How States Are Using Tech to Spot Tax Fraud
Tax season is upon us. While individuals might see tidy personal returns, identifying tax fraud can be a multimillion-dollar saving endeavor for governments.
In 2013 alone, the IRS reported paying out more than $5 billion in tax returns that ended up being fraudulent, StateTech reports. But the IRS is turning things around with technology, introducing new data elements to system filters in its 2016 season that caught $4.1 billion of identity-related tax fraud, according to a September report by the Treasury Inspector General for Tax Administration.
States are also seeing success with new technologies and practices. For example, the Utah Tax Commission pinpointed an attempted $11 million in fraudulent income tax returns last year, but reported that the state lost less than $20,000 as a result of modified practices and new software that analyzes returns to spot fraud, the Salt Lake Tribune reported.
How Data Is Helping to Win the Battle
Better data analytics can help beef up fraudulent findings for local governments and help out otherwise overwhelmed staff.
Charleston County, S.C., for example, was able to identify and prevent over 600 cases of erroneous approvals, preventing $2.1 million in losses, by instituting LexisNexis technologies that made use of identity analytics. The technology cross-checks customer records against more than 20,000 public records and commercial data sources.
“The revenue lost from erroneous or fraudulent legal residence filings hits counties where it really hurts — eliminating funds for key programs, such as education and public safety,” said Haywood Talcove, CEO of government and LexisNexis Risk Solutions in a press release. “By using identity analytics to detect anomalies beyond its jurisdiction, Charleston County is truly serving as a steward of taxpayer dollars and ensuring everyone pays their fair share.”
Maryland Shifts Its Fraud-Spotting Algorithm
Maryland is also calling on data analytics to fight fraud and is seeing staggering results.

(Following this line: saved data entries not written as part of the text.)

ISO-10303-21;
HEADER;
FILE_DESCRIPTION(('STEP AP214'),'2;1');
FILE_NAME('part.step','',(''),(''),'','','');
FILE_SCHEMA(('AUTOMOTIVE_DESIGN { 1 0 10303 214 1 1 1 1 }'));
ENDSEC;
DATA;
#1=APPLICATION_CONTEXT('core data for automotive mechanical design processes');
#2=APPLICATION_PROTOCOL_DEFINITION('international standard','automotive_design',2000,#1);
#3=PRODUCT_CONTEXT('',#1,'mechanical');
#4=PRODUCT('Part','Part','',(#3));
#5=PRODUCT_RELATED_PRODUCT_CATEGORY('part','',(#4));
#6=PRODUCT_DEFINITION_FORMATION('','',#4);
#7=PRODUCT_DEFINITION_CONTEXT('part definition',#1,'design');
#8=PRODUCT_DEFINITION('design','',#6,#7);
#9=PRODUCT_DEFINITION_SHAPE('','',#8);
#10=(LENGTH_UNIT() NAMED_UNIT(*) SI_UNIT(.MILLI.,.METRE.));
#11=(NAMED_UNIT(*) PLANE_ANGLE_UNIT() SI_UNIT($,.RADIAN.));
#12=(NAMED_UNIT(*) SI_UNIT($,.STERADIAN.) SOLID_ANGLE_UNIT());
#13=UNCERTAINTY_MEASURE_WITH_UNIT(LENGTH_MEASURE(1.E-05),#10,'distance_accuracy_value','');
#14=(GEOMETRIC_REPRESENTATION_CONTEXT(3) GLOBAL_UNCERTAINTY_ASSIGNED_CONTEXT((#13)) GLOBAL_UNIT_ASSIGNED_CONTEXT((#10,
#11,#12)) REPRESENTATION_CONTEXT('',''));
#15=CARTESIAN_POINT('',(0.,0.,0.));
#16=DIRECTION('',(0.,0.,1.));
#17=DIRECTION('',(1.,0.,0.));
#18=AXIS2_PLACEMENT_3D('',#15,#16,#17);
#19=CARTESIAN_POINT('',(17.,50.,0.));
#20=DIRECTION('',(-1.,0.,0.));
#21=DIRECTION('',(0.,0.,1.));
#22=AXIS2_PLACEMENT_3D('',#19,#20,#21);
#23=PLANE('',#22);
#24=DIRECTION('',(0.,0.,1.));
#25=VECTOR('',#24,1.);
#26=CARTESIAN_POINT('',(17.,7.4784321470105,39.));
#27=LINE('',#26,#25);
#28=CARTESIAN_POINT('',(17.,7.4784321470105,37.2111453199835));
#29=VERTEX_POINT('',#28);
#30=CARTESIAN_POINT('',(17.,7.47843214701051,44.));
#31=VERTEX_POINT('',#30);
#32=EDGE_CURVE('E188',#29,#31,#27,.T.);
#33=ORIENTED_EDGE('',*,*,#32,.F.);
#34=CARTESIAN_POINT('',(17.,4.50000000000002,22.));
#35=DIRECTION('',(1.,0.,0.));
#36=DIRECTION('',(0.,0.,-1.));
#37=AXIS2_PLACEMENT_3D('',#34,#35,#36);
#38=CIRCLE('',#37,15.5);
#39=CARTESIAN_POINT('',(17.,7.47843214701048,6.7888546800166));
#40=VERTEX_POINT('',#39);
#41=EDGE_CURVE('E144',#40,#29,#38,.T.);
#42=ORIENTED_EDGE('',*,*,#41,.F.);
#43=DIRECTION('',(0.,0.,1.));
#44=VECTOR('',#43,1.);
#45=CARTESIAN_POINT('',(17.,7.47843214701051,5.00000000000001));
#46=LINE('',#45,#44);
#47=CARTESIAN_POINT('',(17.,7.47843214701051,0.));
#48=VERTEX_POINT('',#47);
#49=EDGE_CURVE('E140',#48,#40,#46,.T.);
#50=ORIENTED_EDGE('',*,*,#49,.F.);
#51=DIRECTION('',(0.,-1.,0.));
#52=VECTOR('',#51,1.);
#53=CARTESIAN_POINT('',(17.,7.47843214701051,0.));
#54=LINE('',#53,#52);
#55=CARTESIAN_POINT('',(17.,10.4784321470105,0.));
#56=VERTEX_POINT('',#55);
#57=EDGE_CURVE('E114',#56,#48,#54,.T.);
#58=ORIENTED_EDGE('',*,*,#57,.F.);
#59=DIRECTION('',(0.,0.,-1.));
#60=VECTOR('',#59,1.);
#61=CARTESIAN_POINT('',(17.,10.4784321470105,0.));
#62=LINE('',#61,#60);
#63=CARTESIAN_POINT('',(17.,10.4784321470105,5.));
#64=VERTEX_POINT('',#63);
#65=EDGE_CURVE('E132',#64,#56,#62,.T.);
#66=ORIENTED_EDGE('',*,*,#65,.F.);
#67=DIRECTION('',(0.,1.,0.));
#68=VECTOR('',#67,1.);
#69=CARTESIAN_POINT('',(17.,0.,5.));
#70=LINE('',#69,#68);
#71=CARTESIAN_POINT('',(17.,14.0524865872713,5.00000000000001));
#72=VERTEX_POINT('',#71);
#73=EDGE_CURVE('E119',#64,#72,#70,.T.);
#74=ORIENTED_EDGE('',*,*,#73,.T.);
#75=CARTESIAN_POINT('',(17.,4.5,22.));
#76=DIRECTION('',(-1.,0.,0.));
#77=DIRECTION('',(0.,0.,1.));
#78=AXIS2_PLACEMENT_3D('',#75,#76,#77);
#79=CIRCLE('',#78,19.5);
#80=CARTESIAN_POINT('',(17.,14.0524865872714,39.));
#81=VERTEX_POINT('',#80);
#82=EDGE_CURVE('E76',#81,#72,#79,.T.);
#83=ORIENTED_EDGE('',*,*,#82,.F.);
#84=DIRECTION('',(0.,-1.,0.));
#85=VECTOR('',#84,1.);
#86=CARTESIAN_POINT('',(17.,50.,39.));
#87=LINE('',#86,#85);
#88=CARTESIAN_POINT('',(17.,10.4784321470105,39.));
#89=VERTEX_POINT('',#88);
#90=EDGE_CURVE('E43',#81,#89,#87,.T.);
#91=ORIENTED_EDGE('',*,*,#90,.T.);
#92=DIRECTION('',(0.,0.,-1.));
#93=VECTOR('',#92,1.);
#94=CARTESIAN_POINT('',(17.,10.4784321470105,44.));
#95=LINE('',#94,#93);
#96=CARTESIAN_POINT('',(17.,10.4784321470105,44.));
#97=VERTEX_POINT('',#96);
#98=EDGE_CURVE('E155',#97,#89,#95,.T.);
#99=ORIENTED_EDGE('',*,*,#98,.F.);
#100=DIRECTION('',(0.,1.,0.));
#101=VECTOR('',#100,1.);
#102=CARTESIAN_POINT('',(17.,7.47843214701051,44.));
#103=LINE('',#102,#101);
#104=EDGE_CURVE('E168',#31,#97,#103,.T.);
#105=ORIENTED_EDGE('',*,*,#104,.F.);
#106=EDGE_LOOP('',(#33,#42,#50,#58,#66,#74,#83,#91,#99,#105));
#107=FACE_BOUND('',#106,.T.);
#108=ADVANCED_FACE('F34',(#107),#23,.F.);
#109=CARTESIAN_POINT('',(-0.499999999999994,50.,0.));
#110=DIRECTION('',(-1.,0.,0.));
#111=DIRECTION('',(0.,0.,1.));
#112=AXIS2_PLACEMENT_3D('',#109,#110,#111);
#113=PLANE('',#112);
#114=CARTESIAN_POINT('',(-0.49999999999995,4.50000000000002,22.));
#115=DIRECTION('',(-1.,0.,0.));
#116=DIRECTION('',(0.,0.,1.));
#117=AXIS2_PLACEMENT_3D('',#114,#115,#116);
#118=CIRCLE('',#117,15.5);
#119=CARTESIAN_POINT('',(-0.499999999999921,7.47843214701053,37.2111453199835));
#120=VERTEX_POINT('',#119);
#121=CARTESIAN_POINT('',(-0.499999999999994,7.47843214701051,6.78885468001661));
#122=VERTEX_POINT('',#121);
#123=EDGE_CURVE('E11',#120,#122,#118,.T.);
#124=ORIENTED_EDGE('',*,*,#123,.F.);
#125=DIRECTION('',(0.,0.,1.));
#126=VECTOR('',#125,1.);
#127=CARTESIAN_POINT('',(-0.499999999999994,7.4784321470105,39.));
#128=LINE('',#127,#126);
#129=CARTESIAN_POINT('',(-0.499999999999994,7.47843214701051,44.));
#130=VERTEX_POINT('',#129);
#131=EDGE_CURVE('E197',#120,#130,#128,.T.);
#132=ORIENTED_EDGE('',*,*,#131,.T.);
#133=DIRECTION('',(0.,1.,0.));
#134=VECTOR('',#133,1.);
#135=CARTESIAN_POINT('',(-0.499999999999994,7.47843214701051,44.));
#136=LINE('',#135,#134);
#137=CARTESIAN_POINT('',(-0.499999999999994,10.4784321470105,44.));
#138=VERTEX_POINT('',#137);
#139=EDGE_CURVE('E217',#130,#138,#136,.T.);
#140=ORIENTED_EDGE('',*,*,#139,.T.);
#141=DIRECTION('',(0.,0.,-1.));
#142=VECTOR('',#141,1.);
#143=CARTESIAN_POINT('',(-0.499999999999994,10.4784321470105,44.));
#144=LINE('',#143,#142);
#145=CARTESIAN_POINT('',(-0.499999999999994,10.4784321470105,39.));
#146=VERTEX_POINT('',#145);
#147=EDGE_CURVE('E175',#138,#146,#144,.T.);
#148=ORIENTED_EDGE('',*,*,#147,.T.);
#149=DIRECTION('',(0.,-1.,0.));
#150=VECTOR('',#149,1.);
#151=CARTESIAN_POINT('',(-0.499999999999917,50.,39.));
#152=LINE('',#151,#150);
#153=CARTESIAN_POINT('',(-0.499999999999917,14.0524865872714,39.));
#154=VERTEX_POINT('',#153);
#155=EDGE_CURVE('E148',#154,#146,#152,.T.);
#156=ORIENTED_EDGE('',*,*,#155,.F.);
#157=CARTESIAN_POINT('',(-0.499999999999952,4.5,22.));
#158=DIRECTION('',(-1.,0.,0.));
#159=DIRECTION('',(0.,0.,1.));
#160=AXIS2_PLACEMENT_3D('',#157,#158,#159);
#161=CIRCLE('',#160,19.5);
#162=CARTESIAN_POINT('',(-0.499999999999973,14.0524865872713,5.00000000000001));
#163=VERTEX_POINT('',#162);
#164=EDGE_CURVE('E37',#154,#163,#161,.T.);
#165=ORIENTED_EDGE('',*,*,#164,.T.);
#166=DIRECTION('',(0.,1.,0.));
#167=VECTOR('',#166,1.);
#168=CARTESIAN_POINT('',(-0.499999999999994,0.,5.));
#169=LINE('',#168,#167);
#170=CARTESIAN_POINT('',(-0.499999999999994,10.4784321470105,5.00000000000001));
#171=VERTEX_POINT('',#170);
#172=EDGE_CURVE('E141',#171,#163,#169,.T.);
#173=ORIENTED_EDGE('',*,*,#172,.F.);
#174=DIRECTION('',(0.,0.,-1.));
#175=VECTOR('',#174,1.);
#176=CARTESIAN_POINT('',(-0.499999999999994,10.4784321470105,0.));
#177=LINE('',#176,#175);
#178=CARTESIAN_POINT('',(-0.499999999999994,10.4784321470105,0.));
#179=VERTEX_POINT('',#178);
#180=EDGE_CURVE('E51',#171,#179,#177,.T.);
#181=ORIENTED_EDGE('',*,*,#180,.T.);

Andrew Schaufele, director of Maryland’s Bureau of Revenue Estimates, revealed to StateScoop that the state introduced a new set of algorithms that proved successful in identifying 65 to 70 percent of fraudulent returns last year — a big increase from the 55 percent success rate in 2015.
The success was largely due to shifting from an algorithm that proved too far-reaching and overwhelmed fraud analysts to a more narrow and refined model that was able to better zero in on instances of fraud.
“As we began to learn about the fraud, we found consistencies amongst the fraud and developed a regression,” Schaufele told StateScoop. “We were scoring returns, finding a probability that it was fraud, and we set a threshold in our system, and started flagging returns.”
Online Filing Makes Auditing Easier
In California, the Franchise Tax Board is moving from analog to digital, embracing online filing and turning to digital storage methods that allow the state to sort through its millions of returns more efficiently, Government Technology reports.
While the FTB still deals with 3 million paper returns a year, the organization is able to scan and connect each return with a digital record and clean up its data stores. It can also overlay analytics on the tax records, creating a more streamlined auditing and fraud-spotting process.
“If you have 18 million tax returns, and one of the things we do is select people for audits, having good models to pick the best ones, that’s all about having the right data and using data really smart," CIO Cathy Cleek told Government Technology. "EDR [Enterprise Data to Revenue] gave us better models so we could pick better cases to audit, find more fraud, find better collection cases."